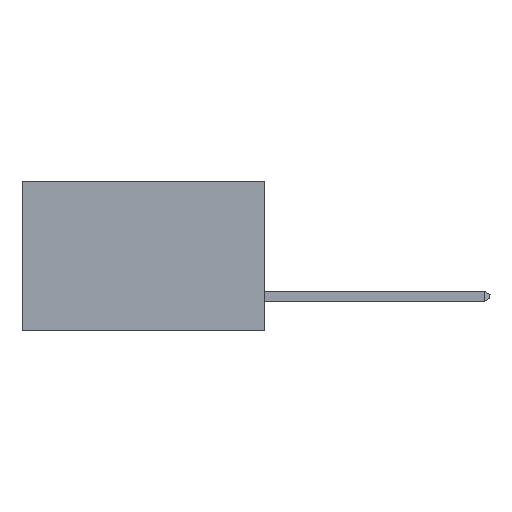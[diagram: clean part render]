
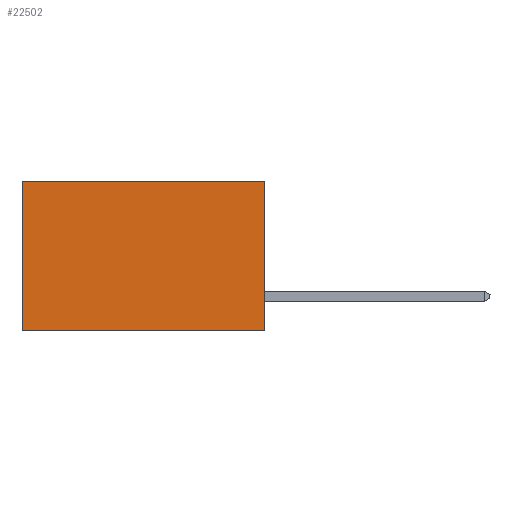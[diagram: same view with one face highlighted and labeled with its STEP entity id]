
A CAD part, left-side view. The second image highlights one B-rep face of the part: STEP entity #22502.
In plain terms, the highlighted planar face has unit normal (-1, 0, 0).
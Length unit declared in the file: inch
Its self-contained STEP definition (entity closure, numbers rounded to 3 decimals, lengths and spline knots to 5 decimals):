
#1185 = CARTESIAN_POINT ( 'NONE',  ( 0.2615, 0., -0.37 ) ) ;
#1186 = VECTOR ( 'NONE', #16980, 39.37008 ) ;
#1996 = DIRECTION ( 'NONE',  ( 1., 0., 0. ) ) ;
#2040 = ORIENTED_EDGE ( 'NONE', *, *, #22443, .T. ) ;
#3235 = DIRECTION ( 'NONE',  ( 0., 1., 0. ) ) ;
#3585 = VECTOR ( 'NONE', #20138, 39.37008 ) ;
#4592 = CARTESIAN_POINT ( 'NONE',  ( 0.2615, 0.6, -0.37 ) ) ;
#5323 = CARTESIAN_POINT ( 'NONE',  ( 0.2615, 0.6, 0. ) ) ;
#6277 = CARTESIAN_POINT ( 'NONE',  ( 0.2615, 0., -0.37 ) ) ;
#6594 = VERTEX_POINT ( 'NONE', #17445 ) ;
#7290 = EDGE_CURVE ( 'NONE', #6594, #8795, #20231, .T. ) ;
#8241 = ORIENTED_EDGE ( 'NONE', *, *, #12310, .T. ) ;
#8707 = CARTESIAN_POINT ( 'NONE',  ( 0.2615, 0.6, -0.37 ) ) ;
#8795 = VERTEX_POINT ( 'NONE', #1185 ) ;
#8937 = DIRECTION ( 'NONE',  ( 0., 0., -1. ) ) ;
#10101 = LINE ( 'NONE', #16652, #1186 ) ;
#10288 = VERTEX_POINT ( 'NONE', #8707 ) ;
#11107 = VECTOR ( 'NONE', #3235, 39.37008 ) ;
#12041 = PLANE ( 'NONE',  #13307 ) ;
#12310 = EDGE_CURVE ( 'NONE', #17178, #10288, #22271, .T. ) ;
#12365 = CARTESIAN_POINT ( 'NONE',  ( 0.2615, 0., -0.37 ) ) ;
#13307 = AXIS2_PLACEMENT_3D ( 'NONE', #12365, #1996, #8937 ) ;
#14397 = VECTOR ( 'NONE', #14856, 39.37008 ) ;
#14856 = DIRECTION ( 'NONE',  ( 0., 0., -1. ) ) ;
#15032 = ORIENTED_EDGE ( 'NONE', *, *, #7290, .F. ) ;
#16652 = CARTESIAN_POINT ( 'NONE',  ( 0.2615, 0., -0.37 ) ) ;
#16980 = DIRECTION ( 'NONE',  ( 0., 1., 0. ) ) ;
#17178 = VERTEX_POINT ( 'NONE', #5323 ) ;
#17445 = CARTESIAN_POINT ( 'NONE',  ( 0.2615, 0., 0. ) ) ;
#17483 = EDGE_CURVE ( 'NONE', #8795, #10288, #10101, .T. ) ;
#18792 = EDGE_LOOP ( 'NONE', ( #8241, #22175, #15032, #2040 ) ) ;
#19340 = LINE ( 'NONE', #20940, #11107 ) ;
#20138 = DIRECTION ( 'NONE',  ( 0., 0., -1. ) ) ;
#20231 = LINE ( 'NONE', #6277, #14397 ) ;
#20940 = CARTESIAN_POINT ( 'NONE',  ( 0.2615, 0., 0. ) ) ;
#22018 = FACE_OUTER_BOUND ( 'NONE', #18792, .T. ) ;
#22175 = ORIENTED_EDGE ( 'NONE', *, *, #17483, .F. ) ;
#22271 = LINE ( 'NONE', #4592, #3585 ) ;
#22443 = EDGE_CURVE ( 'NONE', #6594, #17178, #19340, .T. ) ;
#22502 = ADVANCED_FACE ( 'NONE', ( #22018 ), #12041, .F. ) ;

• • •

• _WHAT THE TASK ASKS_: Copy the lines above exactly, beginning at the line that has "#10101 = LINE ( 'NONE', #16652, #1186 ) ;" and stopping after the line that has "#12365 = CARTESIAN_POINT", and omit the rest.

• _REPLY_:
#10101 = LINE ( 'NONE', #16652, #1186 ) ;
#10288 = VERTEX_POINT ( 'NONE', #8707 ) ;
#11107 = VECTOR ( 'NONE', #3235, 39.37008 ) ;
#12041 = PLANE ( 'NONE',  #13307 ) ;
#12310 = EDGE_CURVE ( 'NONE', #17178, #10288, #22271, .T. ) ;
#12365 = CARTESIAN_POINT ( 'NONE',  ( 0.2615, 0., -0.37 ) ) ;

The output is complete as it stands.